What do you actually mean though? What qualifies a movie as sci-fi in your mind?

His asterix is beside Star Wars , meaning he doesn't consider Star Wars as science Fiction, but the others are.
 
Star Wars and T2, sure, I could see that. Blade Runner and 2001, though? I think their feet are planted fairly deep in the sci-fi genre.

What do you actually mean though? What qualifies a movie as sci-fi in your mind?
I only asterisked Star Wars.

Another one of my all-time favorite movies that sometimes get classified as "Sci Fi" for a subgenre is Brazil. Nobody has mentioned that. Incredible, dystopian nightmare. Time has been nothing but good to it. Another of course by the same director is Time Bandits.
 
His asterix is beside Star Wars , meaning he doesn't consider Star Wars as science Fiction, but the others are.

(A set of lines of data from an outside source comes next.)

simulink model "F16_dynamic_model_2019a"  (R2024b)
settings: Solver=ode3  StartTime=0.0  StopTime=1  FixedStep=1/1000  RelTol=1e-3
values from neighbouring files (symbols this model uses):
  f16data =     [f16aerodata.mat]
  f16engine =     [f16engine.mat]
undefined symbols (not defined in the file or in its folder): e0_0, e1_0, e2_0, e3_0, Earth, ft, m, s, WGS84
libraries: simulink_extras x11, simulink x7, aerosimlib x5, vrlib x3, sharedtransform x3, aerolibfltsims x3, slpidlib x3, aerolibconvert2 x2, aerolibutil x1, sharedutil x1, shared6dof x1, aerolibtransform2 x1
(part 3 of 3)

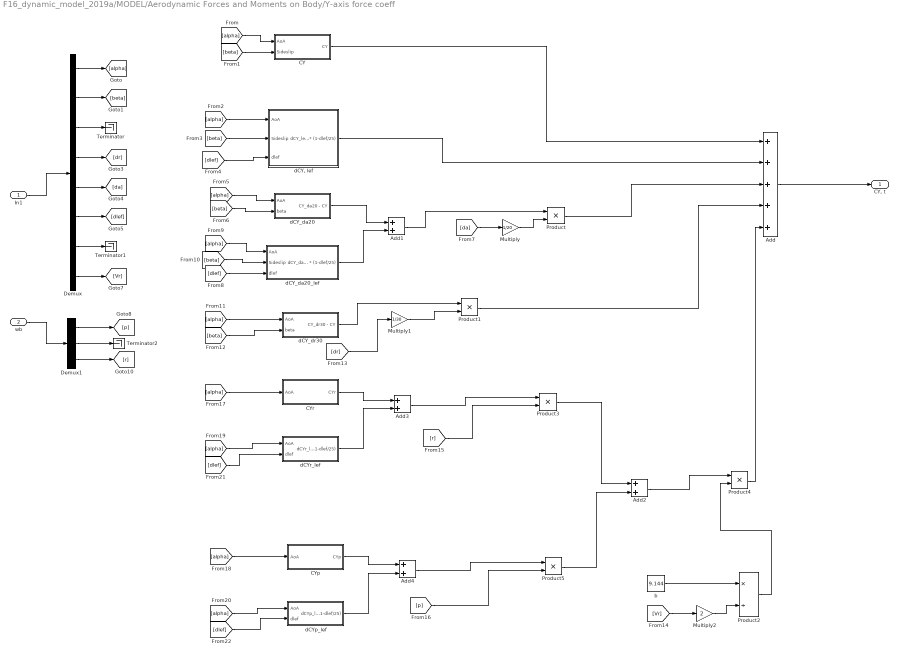
== system F16_dynamic_model_2019a/MODEL/Aerodynamic Forces and Moments on Body/Y-axis force coeff ==
  In1 : Inport
  "wb " : Inport  Port=2
  Add : Sum  Inputs=+++++
  Add{1..4} (4 alike) : Sum
  CY : Subsystem
  CYp : Subsystem
  CYr : Subsystem
  Demux : Demux  Outputs=8
  Demux1 : Demux  Outputs=3
  Multiply : Gain  Gain=1/20
  Multiply1 : Gain  Gain=1/30
  Multiply2 : Gain  Gain=2
  Product{,1,3..5} (5 alike) : Product
  Product2 : Product  Inputs=*/
  Terminator : Terminator
  Terminator1 : Terminator
  Terminator2 : Terminator
  b : Constant  Value=9.144
  "dCY, lef " : Subsystem
  dCY_da20 : Subsystem
  dCY_da20_lef : Subsystem
  dCY_dr30 : Subsystem
  dCYp_lef : Subsystem
  dCYr_lef : Subsystem
  "CY, t" : Outport
  wires:
  Demux/3 -> Terminator/1
  Demux/1 -> [alpha]
  Demux/7 -> Terminator1/1
  Demux/8 -> [Vr]
  Demux/6 -> [dlef]
  Demux/4 -> [dr]
  Demux/2 -> [beta]
  Demux/5 -> [da]
  In1/1 -> Demux/1
  "wb "/1 -> Demux1/1
  Demux1/1 -> [p]
  Demux1/2 -> Terminator2/1
  Demux1/3 -> [r]
  [alpha] -> CY/1(AoA)
  [beta] -> CY/2("Sideslip ")
  Add/1 -> "CY, t"/1
  CY/1(CY) -> Add/1
  [dlef] -> "dCY, lef "/3(dlef)
  [beta] -> "dCY, lef "/2("Sideslip ")
  [alpha] -> "dCY, lef "/1(AoA)
  "dCY, lef "/1(dCY_lef * (1-dlef/25)) -> Add/2
  [alpha] -> dCY_da20/1(AoA)
  [beta] -> dCY_da20/2(beta)
  dCY_da20/1(CY_da20 - CY) -> Add1/1
  Add1/1 -> Product/1
  Product/1 -> Add/3
  [da] -> Multiply/1
  Multiply/1 -> Product/2
  [dlef] -> dCY_da20_lef/3(dlef)
  [beta] -> dCY_da20_lef/2("Sideslip ")
  [alpha] -> dCY_da20_lef/1(AoA)
  dCY_da20_lef/1(dCY_da20lef * (1-dlef/25)) -> Add1/2
  [alpha] -> dCY_dr30/1(AoA)
  [beta] -> dCY_dr30/2(beta)
  dCY_dr30/1(CY_dr30 - CY) -> Product1/1
  [dr] -> Multiply1/1
  Multiply1/1 -> Product1/2
  Product1/1 -> Add/4
  [Vr] -> Multiply2/1
  b/1 -> Product2/1
  Multiply2/1 -> Product2/2
  [r] -> Product3/2
  Product3/1 -> Add2/1
  Add2/1 -> Product4/1
  Product2/1 -> Product4/2
  Product4/1 -> Add/5
  [p] -> Product5/2
  Product5/1 -> Add2/2
  [alpha] -> CYr/1(AoA)
  [alpha] -> dCYr_lef/1(AoA)
  CYr/1(CYr) -> Add3/1
  dCYr_lef/1(dCYr_lef * (1-dlef/25)) -> Add3/2
  Add3/1 -> Product3/1
  CYp/1("CYp ") -> Add4/1
  dCYp_lef/1(dCYp_lef * (1-dlef/25)) -> Add4/2
  Add4/1 -> Product5/1
  [alpha] -> CYp/1(AoA)
  [alpha] -> dCYp_lef/1(AoA)
  [dlef] -> dCYr_lef/2(dlef)
  [dlef] -> dCYp_lef/2(dlef)

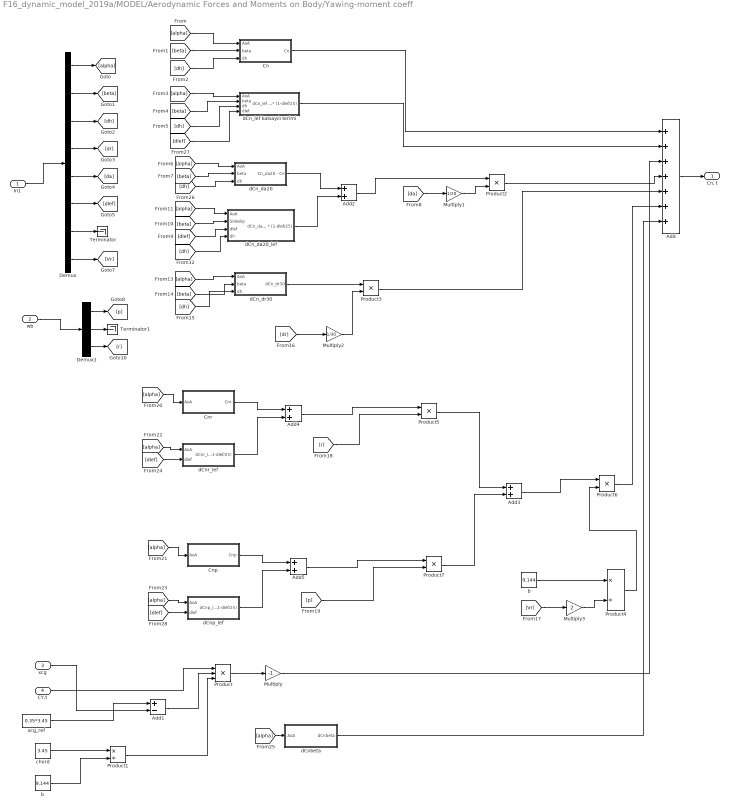
== system F16_dynamic_model_2019a/MODEL/Aerodynamic Forces and Moments on Body/Yawing-moment coeff ==
  In1 : Inport
  wb : Inport  Port=2
  xcg : Inport  Port=3
  CY,t : Inport  Port=4
  Add : Sum  Inputs=+++++++
  Add1 : Sum  Inputs=+-
  Add{2..5} (4 alike) : Sum
  Cn : Subsystem
  Cnp : Subsystem
  Cnr : Subsystem
  Demux : Demux  Outputs=8
  Demux1 : Demux  Outputs=3
  Multiply : Gain  Gain=-1
  Multiply1 : Gain  Gain=1/20
  Multiply2 : Gain  Gain=1/30
  Multiply3 : Gain  Gain=2
  Product : Product  Inputs=3
  Product1 : Product  Inputs=*/
  Product{2..3,5..7} (5 alike) : Product
  Product4 : Product  Inputs=*/
  Terminator : Terminator
  Terminator1 : Terminator
  b : Constant  Value=9.144
  "b " : Constant  Value=9.144
  chord : Constant  Value=3.45
  dCn_da20 : Subsystem
  dCn_da20_lef : Subsystem
  dCn_dr30 : Subsystem
  dCn_lef katsayılı terimi : Subsystem
  dCnbeta : Subsystem
  dCnp_lef : Subsystem
  dCnr_lef : Subsystem
  xcg_ref : Constant  Value=0.35*3.45
  "Cn, t" : Outport
  wires:
  Demux/3 -> [dh]
  Demux/1 -> [alpha]
  Demux/7 -> Terminator/1
  Demux/8 -> [Vr]
  Demux/6 -> [dlef]
  Demux/4 -> [dr]
  Demux/2 -> [beta]
  Demux/5 -> [da]
  In1/1 -> Demux/1
  wb/1 -> Demux1/1
  Demux1/1 -> [p]
  Demux1/2 -> Terminator1/1
  Demux1/3 -> [r]
  [alpha] -> Cn/1(AoA)
  [beta] -> Cn/2("beta ")
  [dh] -> Cn/3(dh)
  [alpha] -> dCn_lef katsayılı terimi/1(AoA)
  [beta] -> dCn_lef katsayılı terimi/2(beta)
  [dh] -> dCn_lef katsayılı terimi/3(dh)
  Cn/1(Cn) -> Add/1
  dCn_lef katsayılı terimi/1(dCn_lef * (1-dlef/25)) -> Add/2
  CY,t/1 -> Product/1
  xcg_ref/1 -> Add1/1
  xcg/1 -> Add1/2
  Add1/1 -> Product/2
  chord/1 -> Product1/1
  "b "/1 -> Product1/2
  Product1/1 -> Product/3
  Product/1 -> Multiply/1
  Multiply/1 -> Add/3
  Add/1 -> "Cn, t"/1
  Add2/1 -> Product2/1
  [beta] -> dCn_da20_lef/2("Sideslip ")
  dCn_da20_lef/1(dCn_da20lef * (1-dlef/25)) -> Add2/2
  dCn_da20/1(Cn_da20 - Cn) -> Add2/1
  [alpha] -> dCn_da20_lef/1(AoA)
  Product2/1 -> Add/4
  Multiply1/1 -> Product2/2
  [da] -> Multiply1/1
  [alpha] -> dCn_da20/1(AoA)
  [dlef] -> dCn_da20_lef/3(dlef)
  [beta] -> dCn_da20/2(beta)
  [dh] -> dCn_da20_lef/4(dh)
  [alpha] -> dCn_dr30/1(AoA)
  [beta] -> dCn_dr30/2(beta)
  [dh] -> dCn_dr30/3(dh)
  [dr] -> Multiply2/1
  Multiply2/1 -> Product3/2
  dCn_dr30/1(dCn_dr30) -> Product3/1
  Product3/1 -> Add/5
  b/1 -> Product4/1
  Product7/1 -> Add3/2
  Add3/1 -> Product6/1
  [alpha] -> dCnp_lef/1(AoA)
  [alpha] -> Cnp/1(AoA)
  Add5/1 -> Product7/1
  Cnp/1("Cnp ") -> Add5/1
  dCnp_lef/1(dCnp_lef * (1-dlef/25)) -> Add5/2
  dCnr_lef/1(dCnr_lef * (1-dlef/25)) -> Add4/2
  [Vr] -> Multiply3/1
  Multiply3/1 -> Product4/2
  Cnr/1(Cnr) -> Add4/1
  Add4/1 -> Product5/1
  [alpha] -> Cnr/1(AoA)
  [alpha] -> dCnr_lef/1(AoA)
  Product6/1 -> Add/6
  [r] -> Product5/2
  [p] -> Product7/2
  Product5/1 -> Add3/1
  Product4/1 -> Product6/2
  [dlef] -> dCnr_lef/2(dlef)
  [alpha] -> dCnbeta/1(AoA)
  dCnbeta/1("dCnbeta ") -> Add/7
  [dh] -> dCn_da20/3(dh)
  [dlef] -> dCn_lef katsayılı terimi/4(dlef)
  [dlef] -> dCnp_lef/2(dlef)

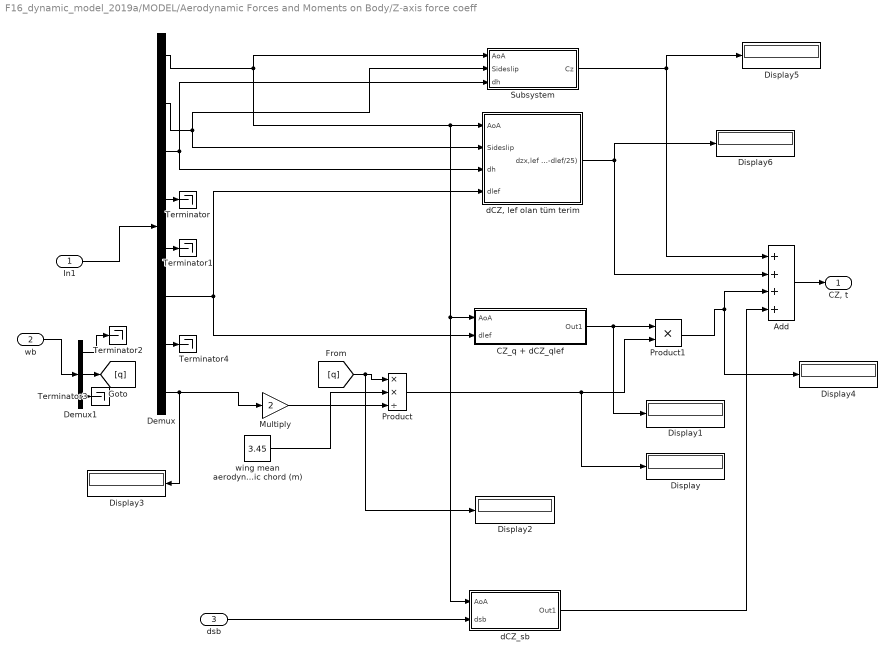
== system F16_dynamic_model_2019a/MODEL/Aerodynamic Forces and Moments on Body/Z-axis force coeff ==
  In1 : Inport
  wb : Inport  Port=2
  dsb : Inport  Port=3
  Add : Sum  Inputs=++++
  CZ_q + dCZ_qlef : Subsystem
  Demux : Demux  Outputs=8
  Demux1 : Demux  Outputs=3
  Display{,1..6} (7 alike) : Display
  Multiply : Gain  Gain=2
  Product : Product  Inputs=**/
  Product1 : Product
  Subsystem : Subsystem
  Terminator{,1..4} (5 alike) : Terminator
  "dCZ, lef olan tüm terim" : Subsystem
  dCZ_sb : Subsystem
  wing mean aerodynamic chord (m) : Constant  Value=3.45
  "CZ, t" : Outport
  wires:
  Product1/1 -> Display4/1, Add/3
  Product/1 -> Display/1, Product1/2
  Multiply/1 -> Product/3
  wing mean aerodynamic chord (m)/1 -> Product/2
  Demux/8 -> Multiply/1, Display3/1
  Demux/5 -> Terminator1/1
  Demux/4 -> Terminator/1
  CZ_q + dCZ_qlef/1(Out1) -> Display1/1, Product1/1
  Demux/6 -> "dCZ, lef olan tüm terim"/4(dlef), CZ_q + dCZ_qlef/2(dlef)
  Demux/3 -> Subsystem/3(dh), "dCZ, lef olan tüm terim"/3(dh)
  Demux/2 -> "dCZ, lef olan tüm terim"/2("Sideslip "), Subsystem/2(Sideslip)
  Demux/1 -> Subsystem/1(AoA), "dCZ, lef olan tüm terim"/1(AoA), dCZ_sb/1(AoA), CZ_q + dCZ_qlef/1(AoA)
  "dCZ, lef olan tüm terim"/1(dzx,lef * (1-dlef/25)) -> Add/2, Display6/1
  Subsystem/1(Cz) -> Add/1, Display5/1
  Add/1 -> "CZ, t"/1
  In1/1 -> Demux/1
  Demux1/2 -> [q]
  Demux1/1 -> Terminator2/1
  wb/1 -> Demux1/1
  Demux1/3 -> Terminator3/1
  [q] -> Display2/1, Product/1
  Demux/7 -> Terminator4/1
  dsb/1 -> dCZ_sb/2(dsb)
  dCZ_sb/1(Out1) -> Add/4

== system F16_dynamic_model_2019a/MODEL/Thrust on Body /Subsystem ==
  Mil : Inport
  Idle : Inport  Port=2
  power : Inport  Port=3
  Max : Inport  Port=4
  Display : Display
  Display1 : Display
  Display2 : Display
  Multiply : Gain  Gain=4.448
  Subsystem : Subsystem
  Subsystem1 : Subsystem
  Switch : Switch  Criteria=u2 > Threshold  Threshold=50  SaturateOnIntegerOverflow=off  InputSameDT=off
  Thrust : Outport
  wires:
  Mil/1 -> [T_Mil]
  Idle/1 -> [T_Idle]
  [T_Mil] -> Subsystem/1(mil)
  [T_Max] -> Subsystem/2("max ")
  Max/1 -> [T_Max]
  power/1 -> Display2/1, [Power]
  [Power] -> Subsystem/3(power)
  Subsystem/1(T) -> Display/1, Switch/1
  [Power] -> Switch/2
  [T_Mil] -> Subsystem1/1("Mil ")
  Subsystem1/1(T) -> Switch/3, Display1/1
  Switch/1 -> Multiply/1
  [T_Idle] -> Subsystem1/2(Idle)
  [Power] -> Subsystem1/3(Power)
  Multiply/1 -> Thrust/1

== system F16_dynamic_model_2019a/MODEL/gravity/gravity_body_axis ==
  gravity : Inport
  "phi theta psi " : Inport  Port=2
  Demux : Demux  Outputs=3
  Gain : Gain  Gain=-1
  Mux : Mux  Inputs=3
  Product : Product
  Product1 : Product
  Product2 : Product
  SinCos : Trigonometry  Operator=sincos
  SinCos1 : Trigonometry  Operator=sincos
  Terminator : Terminator
  gravity_body : Outport
  wires:
  Demux/1 -> SinCos/1
  Demux/2 -> SinCos1/1
  SinCos/1 -> Product/1
  SinCos1/2 -> Product/2, Product1/2
  Product/1 -> Mux/2
  SinCos/2 -> Product1/1
  Product1/1 -> Mux/3
  SinCos1/1 -> Gain/1
  Gain/1 -> Mux/1
  gravity/1 -> Product2/1
  Mux/1 -> Product2/2
  Product2/1 -> gravity_body/1
  "phi theta psi "/1 -> Demux/1
  Demux/3 -> Terminator/1

== system F16_dynamic_model_2019a/MODEL/6-DOF Model Body Euler/Subsystem/Subsystem ==
  p q r : Inport
  q0 q1 q2 q3 : Inport  Port=2
  Constant : Constant
  Dot Product : DotProduct  InputSameDT=off  OutDataTypeStr=Inherit: Inherit via internal rule
  High Gain Quaternion Normalization : Gain  SaturateOnIntegerOverflow=on  OutDataTypeStr=Inherit: Same as input  ParamDataTypeStr=Inherit: Same as input
  Mux1 : Mux  Inputs=[3 4 1]
  Mux2 : Mux
  Sum : Sum  Inputs=|+-  InputSameDT=on  SaturateOnIntegerOverflow=on  OutDataTypeStr=Inherit: Same as first input
  q0dot : Fcn  Expr=-0.5 * ( u[5]*u[1]+u[6]*u[2]+u[7]*u[3] ) + u[8]*u[4]
  q1dot : Fcn  Expr=0.5 * ( u[4]*u[1]+u[6]*u[3]-u[7]*u[2] ) + u[8]*u[5]
  q2dot : Fcn  Expr=0.5 * ( u[4]*u[2]+u[7]*u[1]-u[5]*u[3] ) + u[8]*u[6]
  q3dot : Fcn  Expr=0.5 * ( u[4]*u[3]+u[5]*u[2]-u[6]*u[1] ) + u[8]*u[7]
  qdot : Outport  InitialOutput=0  VectorParamsAs1DForOutWhenUnconnected=off
  wires:
  q0 q1 q2 q3/1 -> Dot Product/1, Dot Product/2, Mux1/2
  q3dot/1 -> Mux2/4
  Mux2/1 -> qdot/1
  Mux1/1 -> q2dot/1, q3dot/1, q0dot/1, q1dot/1
  Sum/1 -> High Gain Quaternion Normalization/1
  q1dot/1 -> Mux2/2
  Dot Product/1 -> Sum/2
  High Gain Quaternion Normalization/1 -> Mux1/3
  q0dot/1 -> Mux2/1
  Constant/1 -> Sum/1
  p q r/1 -> Mux1/1
  q2dot/1 -> Mux2/3

== system F16_dynamic_model_2019a/MODEL/Aerodynamic Forces and Moments on Body/Pitching-moment coeff/Cm ==
  AoA : Inport
  beta : Inport  Port=2
  dh : Inport  Port=3
  n-D Lookup Table : Lookup_n-D  NumberOfTableDimensions=3  BreakpointsForDimension1=f16data.alpha1  BreakpointsForDimension2=f16data.beta  BreakpointsForDimension3=f16data.de1  Table=f16data.Cm  InterpMethod=Cubic spline  ExtrapMethod=Clip  InternalRulePriority=Speed  RndMeth=Simplest
      settings: InputPortMap=u0,u1,u2
  Cm : Outport
  wires:
  n-D Lookup Table/1 -> Cm/1
  beta/1 -> n-D Lookup Table/2
  AoA/1 -> n-D Lookup Table/1
  dh/1 -> n-D Lookup Table/3

== system F16_dynamic_model_2019a/MODEL/Aerodynamic Forces and Moments on Body/Pitching-moment coeff/Cm_q - dCm_qlef ==
  AoA : Inport
  dlef : Inport  Port=2
  Add : Sum
  Cmq : Lookup_n-D  NumberOfTableDimensions=1  BreakpointsForDimension1=f16data.alpha1  BreakpointsForDimension3=[5, 7]  Table=f16data.Cmq  ExtrapMethod=Clip  InternalRulePriority=Speed  RndMeth=Simplest
  Constant : Constant
  Display : Display
  Multiply : Gain  Gain=1/(25)
  Product : Product
  Sum : Sum  Inputs=+-
  dCmq_lef : Lookup_n-D  NumberOfTableDimensions=1  BreakpointsForDimension1=f16data.alpha2  BreakpointsForDimension3=[5, 7]  Table=f16data.dCmq_lef  ExtrapMethod=Clip  InternalRulePriority=Speed  RndMeth=Simplest
  Out1 : Outport
  wires:
  Multiply/1 -> Sum/2
  Constant/1 -> Sum/1
  Sum/1 -> Product/2
  dlef/1 -> Multiply/1
  Product/1 -> Add/2
  AoA/1 -> Cmq/1, dCmq_lef/1
  Cmq/1 -> Display/1, Add/1
  dCmq_lef/1 -> Product/1
  Add/1 -> Out1/1

== system F16_dynamic_model_2019a/MODEL/Aerodynamic Forces and Moments on Body/Pitching-moment coeff/dCm ==
  AoA : Inport
  n-D Lookup Table : Lookup_n-D  NumberOfTableDimensions=1  BreakpointsForDimension1=f16data.alpha1  BreakpointsForDimension3=[5, 7]  Table=f16data.dCm  ExtrapMethod=Clip  InternalRulePriority=Speed  RndMeth=Simplest
  dCm : Outport
  wires:
  n-D Lookup Table/1 -> dCm/1
  AoA/1 -> n-D Lookup Table/1

== system F16_dynamic_model_2019a/MODEL/Aerodynamic Forces and Moments on Body/Pitching-moment coeff/dCm, lef olan tüm terim ==
  AoA : Inport
  "Sideslip " : Inport  Port=2
  dh : Inport  Port=3
  dlef : Inport  Port=4
  Cm : Lookup_n-D  NumberOfTableDimensions=3  BreakpointsForDimension1=f16data.alpha1  BreakpointsForDimension2=f16data.beta  BreakpointsForDimension3=f16data.de1  Table=f16data.Cm  ExtrapMethod=Clip  InternalRulePriority=Speed  RndMeth=Simplest
      settings: InputPortMap=u0,u1,u2
  Cm_lef : Lookup_n-D  BreakpointsForDimension1=f16data.alpha2  BreakpointsForDimension2=f16data.beta  BreakpointsForDimension3=[5, 7]  Table=f16data.Cm_lef  ExtrapMethod=Clip  InternalRulePriority=Speed  RndMeth=Simplest
      settings: InputPortMap=u0,u1
  Constant : Constant
  Multiply : Gain  Gain=1/(25)
  Multiply1 : Gain  Gain=0
  Product : Product
  Sum : Sum  Inputs=+-
  dcm,lef : Sum  Inputs=+-
  dcm,lef * (1-dlef/25) : Outport
  wires:
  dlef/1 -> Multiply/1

Ah, I missed that. Disregard @Madmick.

I would have to agree, although it really does come back to what actually qualifies. Maybe "Space Fiction" would be a better descriptor, because it seems that being set in space is all a movie really needs to qualify.
 
Ah, I missed that. Disregard @Madmick.

I would have to agree, although it really does come back to what actually qualifies. Maybe "Space Fiction" would be a better descriptor, because it seems that being set in space is all a movie really needs to qualify.
Yeah, by this logic, the MCU is a Sci-Fi universe. Yet nobody is mentioning it despite that-- outside of the Thor movies-- it's really tried to be at least as technologically fundamental as the Star Wars movies. Up until Ragnarok they had tried to explain everything in the universe, no matter how fantastic, as mundane. We humans simply didn't know or comprehend the technology underlying any of these fantastic things. Yet nobody ever mentions MCU films in Sci Fi threads.

One of the most underrated legit, hard sci-fi movies in space was Mission to Mars. It came out at the same time as the awful Red Planet. Remember when Hollywood used to do that? They used to blitz out a bunch of movies on a single theme (I remember when disaster movies were a trend that one summer). Then at the Blockbuster you'd get all these garbage straight-to-tape attempts ripping off some big blockbuster that would come out several months before the blockbuster hit VHS/DVD. They don't seem to do either of those things anymore. Sometimes I see garbage ripoff films on Netflix, but it's rare.
 
  1. Star Wars trilogy*
  2. Blade Runner
  3. 2001: A Space Odyssey
  4. Terminator 2
*if you count these as Sci Fi. For me they're High Fantasy-- just because there are gadgets doesn't make it Sci Fi, not even "soft" Sci Fi.

If you want to get technical, they're "sci fi" as opposed to "speculative fiction".
 
Blade Runner is my favorite Sci-Fi film. I've seen every print that is currently available. Anyone that has a 4K television should watch the 4K release of the Final Cut because it is simply stunning and is nearly perfect in the audio and visual department.